## What is required
Please return every line of the records below that holds the word "paths".
BEGIN
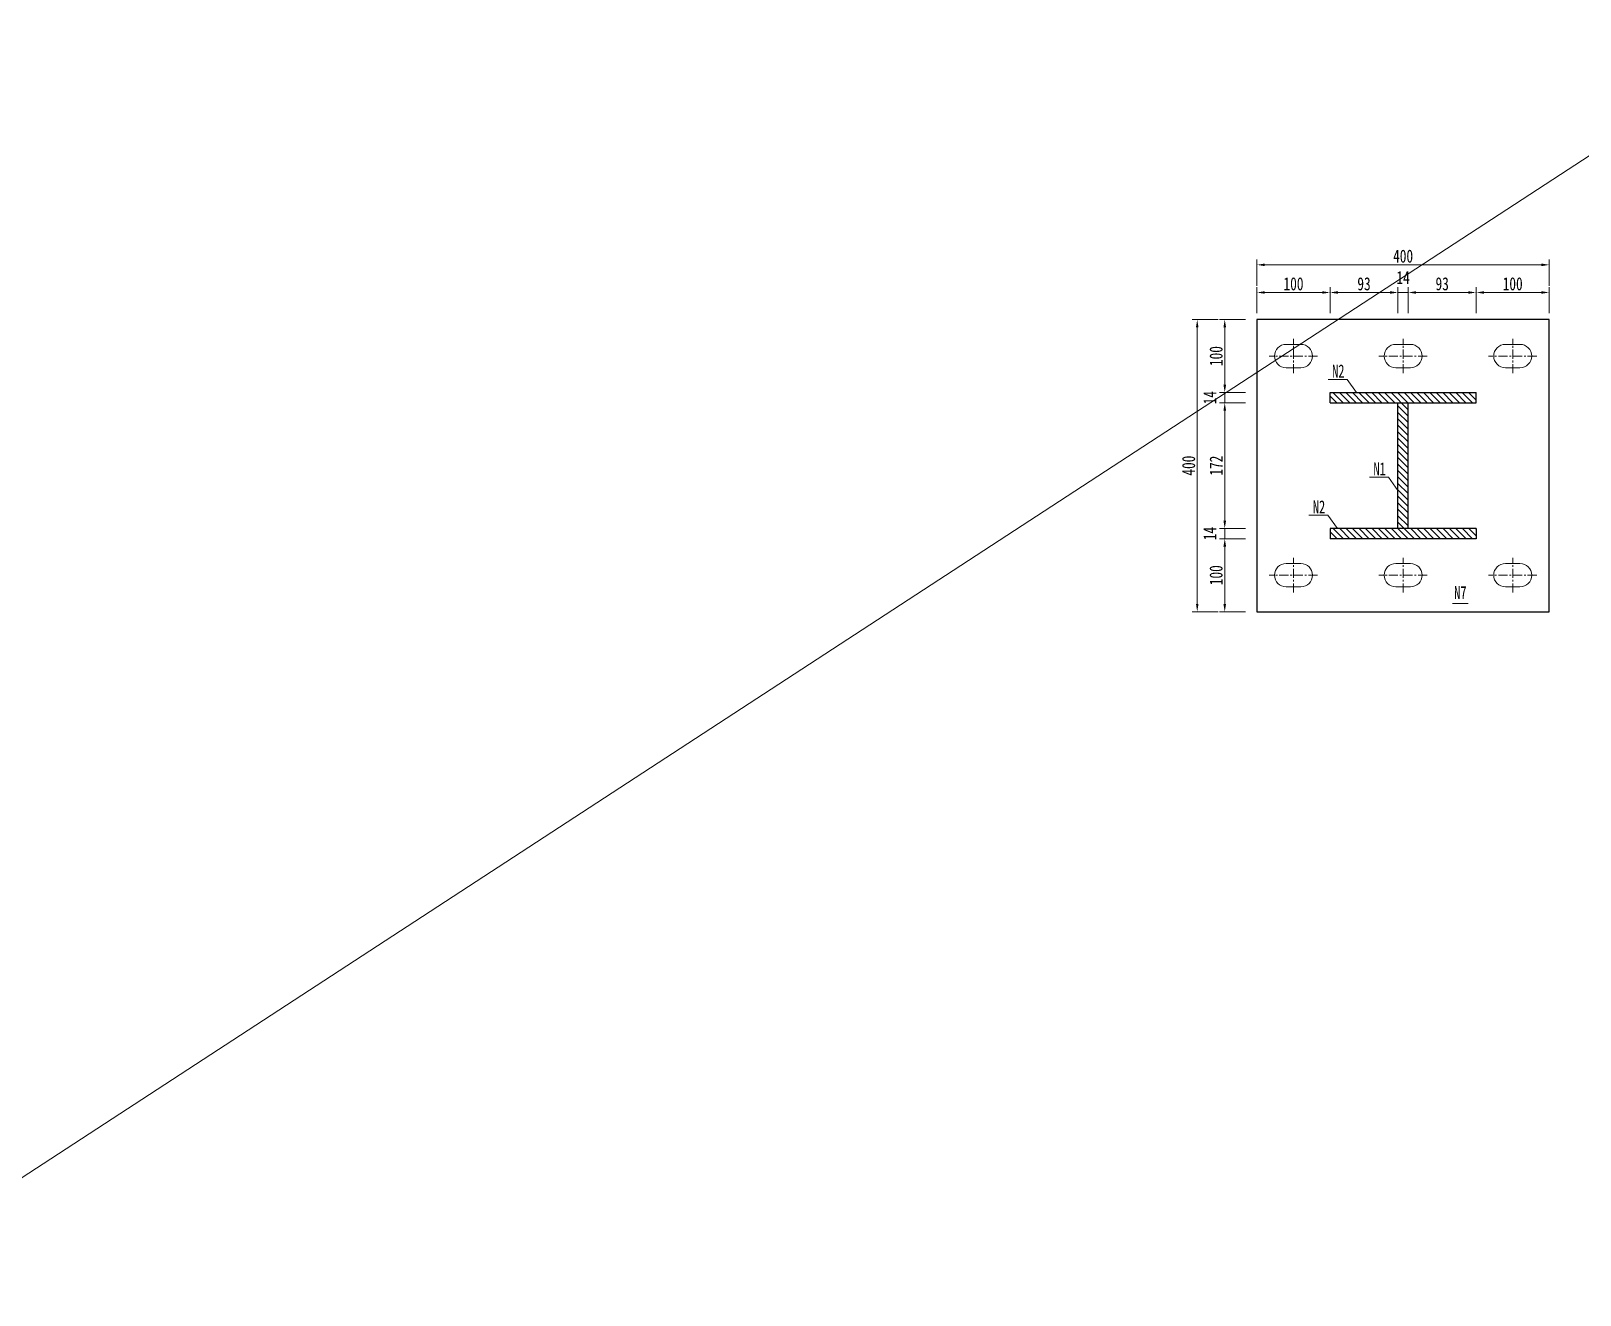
# Model space of a CAD drawing. Extents: x 98573 to 114325, y 0 to 100142.
# Drawn here: x 106008 to 108128, y 51012 to 52742 of the extents above; entities that cross this region are included whole.
import ezdxf

# ---------------------------------------------------------------- set-up
doc = ezdxf.new("R2010")
doc.units = 0
doc.header["$MEASUREMENT"] = 0
doc.linetypes.add('CENTERX2', pattern=[4, 2.5, -0.5, 0.5, -0.5])
doc.layers.get('Defpoints').update_dxf_attribs({"color": 9, "lineweight": 5})
for name, color, linetype, lineweight in [('中心线', 2, 'CENTERX2', 15), ('标注', 4, 'Continuous', 13), ('涪江 尺寸标注线', 4, 'Continuous', 13), ('钢板单线', 6, 'Continuous', 25)]:
    doc.layers.add(name, color=color, linetype=linetype, lineweight=lineweight)
doc.styles.get("Standard").update_dxf_attribs({"font": '仿宋_GB2312.ttf', "width": 0.75})
doc.dimstyles.new('0.1', dxfattribs={"dimscale": 0, "dimtxt": 2.5, "dimasz": 1.5, "dimexe": 1, "dimexo": 1, "dimgap": 0.4, "dimtad": 1, "dimdec": 1, "dimdsep": 46, "dimtxsty": 'Standard', "dimcen": 0.2, "dimclrd": 256, "dimclre": 256, "dimclrt": 256, "dimadec": 3, "dimazin": 2, "dimtfac": 1, "dimtdec": 1, "dimtmove": 2, "dimatfit": 3, "dimfxl": 4, "dimfxlon": 1, "dimtolj": 1, "dimtzin": 0, "dimlwd": -1, "dimlwe": -1, "dimarcsym": 0})

# ---------------------------------------------------------------- blocks, each defined once
blk = doc.blocks.new('*D629')
at = {"layer": 'Defpoints', "color": 0, "transparency": 16777216}
for p in [(107788.9, 52347.2), (107641.9, 52247.2), (107786, 52247.2)]:
    blk.add_point(p, dxfattribs=at)
at = {"layer": '标注', "transparency": 16777216}
for p, q in [((107670.5, 52347.2), (107634.8, 52347.2)), ((107670.5, 52247.2), (107634.8, 52247.2))]:
    blk.add_line(p, q, dxfattribs=at)
at = {"layer": '标注', "color": 4, "transparency": 16777216}
blk.add_line((107641.9, 52336.5), (107641.9, 52257.9), dxfattribs=at)
for points in [[(107640.1, 52336.5), (107643.7, 52336.5), (107641.9, 52347.2)], [(107640.1, 52257.9), (107643.7, 52257.9), (107641.9, 52247.2)]]:
    blk.add_solid(points, dxfattribs=at)
at = {"layer": '标注', "transparency": 16777216, "insert": (107630.1, 52297.2), "char_height": 17.86, "attachment_point": 5, "rotation": 90}
blk.add_mtext('\\A1;100', dxfattribs=at)
blk = doc.blocks.new('*D630')
at = {"layer": 'Defpoints', "color": 0, "transparency": 16777216}
for p in [(107641.9, 52247.2), (107786, 52247.2), (107786, 52233.2)]:
    blk.add_point(p, dxfattribs=at)
at = {"layer": '标注', "color": 4, "transparency": 16777216}
for p, q in [((107641.9, 52257.9), (107641.9, 52268.6)), ((107641.9, 52233.2), (107641.9, 52247.2)), ((107641.9, 52222.5), (107641.9, 52211.8))]:
    blk.add_line(p, q, dxfattribs=at)
at = {"layer": '标注', "transparency": 16777216}
for p, q in [((107670.5, 52247.2), (107634.8, 52247.2)), ((107670.5, 52233.2), (107634.8, 52233.2))]:
    blk.add_line(p, q, dxfattribs=at)
at = {"layer": '标注', "color": 4, "transparency": 16777216}
for points in [[(107640.1, 52257.9), (107643.7, 52257.9), (107641.9, 52247.2)], [(107640.1, 52222.5), (107643.7, 52222.5), (107641.9, 52233.2)]]:
    blk.add_solid(points, dxfattribs=at)
at = {"layer": '标注', "transparency": 16777216, "insert": (107621.6, 52240.2), "char_height": 17.86, "attachment_point": 5, "rotation": 90}
blk.add_mtext('\\A1;14', dxfattribs=at)
blk = doc.blocks.new('*D631')
at = {"layer": 'Defpoints', "color": 0, "transparency": 16777216}
for p in [(107786, 52233.2), (107641.9, 52061.2), (107786, 52061.2)]:
    blk.add_point(p, dxfattribs=at)
at = {"layer": '标注', "transparency": 16777216}
for p, q in [((107670.5, 52233.2), (107634.8, 52233.2)), ((107670.5, 52061.2), (107634.8, 52061.2))]:
    blk.add_line(p, q, dxfattribs=at)
at = {"layer": '标注', "color": 4, "transparency": 16777216}
blk.add_line((107641.9, 52222.5), (107641.9, 52071.9), dxfattribs=at)
for points in [[(107640.1, 52222.5), (107643.7, 52222.5), (107641.9, 52233.2)], [(107640.1, 52071.9), (107643.7, 52071.9), (107641.9, 52061.2)]]:
    blk.add_solid(points, dxfattribs=at)
at = {"layer": '标注', "transparency": 16777216, "insert": (107630.1, 52147.2), "char_height": 17.86, "attachment_point": 5, "rotation": 90}
blk.add_mtext('\\A1;172', dxfattribs=at)
blk = doc.blocks.new('*D632')
at = {"layer": 'Defpoints', "color": 0, "transparency": 16777216}
for p in [(107641.9, 52061.2), (107786, 52061.2), (107786, 52047.2)]:
    blk.add_point(p, dxfattribs=at)
at = {"layer": '标注', "color": 4, "transparency": 16777216}
for p, q in [((107641.9, 52071.9), (107641.9, 52082.6)), ((107641.9, 52047.2), (107641.9, 52061.2)), ((107641.9, 52036.5), (107641.9, 52025.8))]:
    blk.add_line(p, q, dxfattribs=at)
at = {"layer": '标注', "transparency": 16777216}
for p, q in [((107670.5, 52061.2), (107634.8, 52061.2)), ((107670.5, 52047.2), (107634.8, 52047.2))]:
    blk.add_line(p, q, dxfattribs=at)
at = {"layer": '标注', "color": 4, "transparency": 16777216}
for points in [[(107640.1, 52071.9), (107643.7, 52071.9), (107641.9, 52061.2)], [(107640.1, 52036.5), (107643.7, 52036.5), (107641.9, 52047.2)]]:
    blk.add_solid(points, dxfattribs=at)
at = {"layer": '标注', "transparency": 16777216, "insert": (107621.6, 52054.2), "char_height": 17.86, "attachment_point": 5, "rotation": 90}
blk.add_mtext('\\A1;14', dxfattribs=at)
blk = doc.blocks.new('*D633')
at = {"layer": 'Defpoints', "color": 0, "transparency": 16777216}
for p in [(107786, 52047.2), (107641.9, 51947.2), (107786, 51947.2)]:
    blk.add_point(p, dxfattribs=at)
at = {"layer": '标注', "transparency": 16777216}
for p, q in [((107670.5, 52047.2), (107634.8, 52047.2)), ((107670.5, 51947.2), (107634.8, 51947.2))]:
    blk.add_line(p, q, dxfattribs=at)
at = {"layer": '标注', "color": 4, "transparency": 16777216}
blk.add_line((107641.9, 52036.5), (107641.9, 51957.9), dxfattribs=at)
for points in [[(107640.1, 52036.5), (107643.7, 52036.5), (107641.9, 52047.2)], [(107640.1, 51957.9), (107643.7, 51957.9), (107641.9, 51947.2)]]:
    blk.add_solid(points, dxfattribs=at)
at = {"layer": '标注', "transparency": 16777216, "insert": (107630.1, 51997.2), "char_height": 17.86, "attachment_point": 5, "rotation": 90}
blk.add_mtext('\\A1;100', dxfattribs=at)
blk = doc.blocks.new('*D634')
at = {"layer": 'Defpoints', "color": 0, "transparency": 16777216}
for p in [(107604.2, 52347.2), (107686, 52347.2), (107686, 51947.2)]:
    blk.add_point(p, dxfattribs=at)
at = {"layer": '标注', "transparency": 16777216}
for p, q in [((107632.8, 52347.2), (107597.1, 52347.2)), ((107632.8, 51947.2), (107597.1, 51947.2))]:
    blk.add_line(p, q, dxfattribs=at)
at = {"layer": '标注', "color": 4, "transparency": 16777216}
blk.add_line((107604.2, 51957.9), (107604.2, 52336.5), dxfattribs=at)
for points in [[(107602.5, 52336.5), (107606, 52336.5), (107604.2, 52347.2)], [(107602.5, 51957.9), (107606, 51957.9), (107604.2, 51947.2)]]:
    blk.add_solid(points, dxfattribs=at)
at = {"layer": '标注', "transparency": 16777216, "insert": (107592.5, 52147.2), "char_height": 17.86, "attachment_point": 5, "rotation": 90}
blk.add_mtext('\\A1;400', dxfattribs=at)
blk = doc.blocks.new('*D635')
at = {"layer": 'Defpoints', "color": 0, "transparency": 16777216}
for p in [(107786, 52384.2), (107686, 52347.2), (107786, 52247.2)]:
    blk.add_point(p, dxfattribs=at)
at = {"layer": '标注', "transparency": 16777216}
for p, q in [((107686, 52355.7), (107686, 52391.4)), ((107786, 52355.7), (107786, 52391.4))]:
    blk.add_line(p, q, dxfattribs=at)
at = {"layer": '标注', "color": 4, "transparency": 16777216}
blk.add_line((107696.7, 52384.2), (107775.3, 52384.2), dxfattribs=at)
for points in [[(107696.7, 52386), (107696.7, 52382.5), (107686, 52384.2)], [(107775.3, 52386), (107775.3, 52382.5), (107786, 52384.2)]]:
    blk.add_solid(points, dxfattribs=at)
at = {"layer": '标注', "transparency": 16777216, "insert": (107736, 52396), "char_height": 17.86, "attachment_point": 5}
blk.add_mtext('\\A1;100', dxfattribs=at)
blk = doc.blocks.new('*D636')
at = {"layer": 'Defpoints', "color": 0, "transparency": 16777216}
for p in [(107879, 52384.2), (107786, 52247.2), (107879, 52233.1)]:
    blk.add_point(p, dxfattribs=at)
at = {"layer": '标注', "transparency": 16777216}
for p, q in [((107786, 52355.7), (107786, 52391.4)), ((107879, 52355.7), (107879, 52391.4))]:
    blk.add_line(p, q, dxfattribs=at)
at = {"layer": '标注', "color": 4, "transparency": 16777216}
blk.add_line((107796.7, 52384.2), (107868.3, 52384.2), dxfattribs=at)
for points in [[(107796.7, 52386), (107796.7, 52382.5), (107786, 52384.2)], [(107868.3, 52386), (107868.3, 52382.5), (107879, 52384.2)]]:
    blk.add_solid(points, dxfattribs=at)
at = {"layer": '标注', "transparency": 16777216, "insert": (107832.5, 52396), "char_height": 17.86, "attachment_point": 5}
blk.add_mtext('\\A1;93', dxfattribs=at)
blk = doc.blocks.new('*D637')
at = {"layer": 'Defpoints', "color": 0, "transparency": 16777216}
for p in [(107893, 52384.2), (107879, 52204.1), (107893, 52204.1)]:
    blk.add_point(p, dxfattribs=at)
at = {"layer": '标注', "transparency": 16777216}
for p, q in [((107879, 52355.7), (107879, 52391.4)), ((107893, 52355.7), (107893, 52391.4))]:
    blk.add_line(p, q, dxfattribs=at)
at = {"layer": '标注', "color": 4, "transparency": 16777216}
for p, q in [((107868.3, 52384.2), (107857.6, 52384.2)), ((107879, 52384.2), (107893, 52384.2)), ((107903.7, 52384.2), (107914.4, 52384.2))]:
    blk.add_line(p, q, dxfattribs=at)
for points in [[(107868.3, 52386), (107868.3, 52382.5), (107879, 52384.2)], [(107903.7, 52386), (107903.7, 52382.5), (107893, 52384.2)]]:
    blk.add_solid(points, dxfattribs=at)
at = {"layer": '标注', "transparency": 16777216, "insert": (107886, 52404.6), "char_height": 17.86, "attachment_point": 5}
blk.add_mtext('\\A1;14', dxfattribs=at)
blk = doc.blocks.new('*D458')
at = {"layer": 'Defpoints', "color": 0, "transparency": 16777216}
for p in [(107986, 52384.2), (108086, 52347.2), (107986, 52247.2)]:
    blk.add_point(p, dxfattribs=at)
at = {"layer": '标注', "transparency": 16777216}
for p, q in [((107986, 52355.7), (107986, 52391.4)), ((108086, 52355.7), (108086, 52391.4))]:
    blk.add_line(p, q, dxfattribs=at)
at = {"layer": '标注', "color": 4, "transparency": 16777216}
blk.add_line((108075.3, 52384.2), (107996.7, 52384.2), dxfattribs=at)
for points in [[(107996.7, 52386), (107996.7, 52382.5), (107986, 52384.2)], [(108075.3, 52386), (108075.3, 52382.5), (108086, 52384.2)]]:
    blk.add_solid(points, dxfattribs=at)
at = {"layer": '标注', "transparency": 16777216, "insert": (108036, 52396), "char_height": 17.86, "attachment_point": 5}
blk.add_mtext('\\A1;100', dxfattribs=at)
blk = doc.blocks.new('*D459')
at = {"layer": 'Defpoints', "color": 0, "transparency": 16777216}
for p in [(107893, 52384.2), (107986, 52247.2), (107893, 52233.1)]:
    blk.add_point(p, dxfattribs=at)
at = {"layer": '标注', "transparency": 16777216}
for p, q in [((107893, 52355.7), (107893, 52391.4)), ((107986, 52355.7), (107986, 52391.4))]:
    blk.add_line(p, q, dxfattribs=at)
at = {"layer": '标注', "color": 4, "transparency": 16777216}
blk.add_line((107975.3, 52384.2), (107903.7, 52384.2), dxfattribs=at)
for points in [[(107903.7, 52386), (107903.7, 52382.5), (107893, 52384.2)], [(107975.3, 52386), (107975.3, 52382.5), (107986, 52384.2)]]:
    blk.add_solid(points, dxfattribs=at)
at = {"layer": '标注', "transparency": 16777216, "insert": (107939.5, 52396), "char_height": 17.86, "attachment_point": 5}
blk.add_mtext('\\A1;93', dxfattribs=at)
blk = doc.blocks.new('*D638')
at = {"layer": 'Defpoints', "color": 0, "transparency": 16777216}
for p in [(108086, 52422.1), (107686, 52347.2), (108086, 52347.2)]:
    blk.add_point(p, dxfattribs=at)
at = {"layer": '标注', "transparency": 16777216}
for p, q in [((107686, 52393.5), (107686, 52429.3)), ((108086, 52393.5), (108086, 52429.3))]:
    blk.add_line(p, q, dxfattribs=at)
at = {"layer": '标注', "color": 4, "transparency": 16777216}
blk.add_line((107696.7, 52422.1), (108075.3, 52422.1), dxfattribs=at)
for points in [[(107696.7, 52423.9), (107696.7, 52420.3), (107686, 52422.1)], [(108075.3, 52423.9), (108075.3, 52420.3), (108086, 52422.1)]]:
    blk.add_solid(points, dxfattribs=at)
at = {"layer": '标注', "transparency": 16777216, "insert": (107886, 52433.9), "char_height": 17.86, "attachment_point": 5}
blk.add_mtext('\\A1;400', dxfattribs=at)

msp = doc.modelspace()

# ---------------------------------------------------------------- hatches: boundary and pattern name
at = {"layer": '标注'}
h = msp.add_hatch(dxfattribs=at)
h.set_pattern_fill('ANSI31', color=256, scale=50, angle=-90, style=0)
h.set_pattern_definition([(315, (85467.104, 134744.922), (4.4194174, 4.4194174), [])])
h.paths.add_polyline_path([(107986.00137, 52233.20898), (107986.00137, 52247.20898), (107786.00137, 52247.20898), (107786.00137, 52233.20898)])
h.paths.add_polyline_path([(107893.00137, 52061.20898), (107893.00137, 52233.20898), (107879.00137, 52233.20898), (107879.00137, 52061.20898)])
h.paths.add_polyline_path([(107986.00137, 52047.20898), (107986.00137, 52061.20898), (107786.00137, 52061.20898), (107786.00137, 52047.20898)])

# ---------------------------------------------------------------- linework, layer by layer
at = {"layer": '中心线', "ltscale": 5}
for p, q in [((107736.00137, 52273.56723), (107736.00137, 52320.85072)), ((107886.00137, 52273.56723), (107886.00137, 52320.85072)), ((108036.00137, 52273.56723), (108036.00137, 52320.85072)), ((107768.99027, 52297.20898), (107702.75169, 52297.20898)), ((107918.99027, 52297.20898), (107852.75169, 52297.20898)), ((108068.99027, 52297.20898), (108002.75169, 52297.20898)), ((107736.00137, 51973.56723), (107736.00137, 52020.85072)), ((107886.00137, 51973.56723), (107886.00137, 52020.85072)), ((108036.00137, 51973.56723), (108036.00137, 52020.85072)), ((107768.99027, 51997.20898), (107702.75169, 51997.20898)), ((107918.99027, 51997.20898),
END
## Exercise output
h.paths.add_polyline_path([(107986.00137, 52233.20898), (107986.00137, 52247.20898), (107786.00137, 52247.20898), (107786.00137, 52233.20898)])
h.paths.add_polyline_path([(107893.00137, 52061.20898), (107893.00137, 52233.20898), (107879.00137, 52233.20898), (107879.00137, 52061.20898)])
h.paths.add_polyline_path([(107986.00137, 52047.20898), (107986.00137, 52061.20898), (107786.00137, 52061.20898), (107786.00137, 52047.20898)])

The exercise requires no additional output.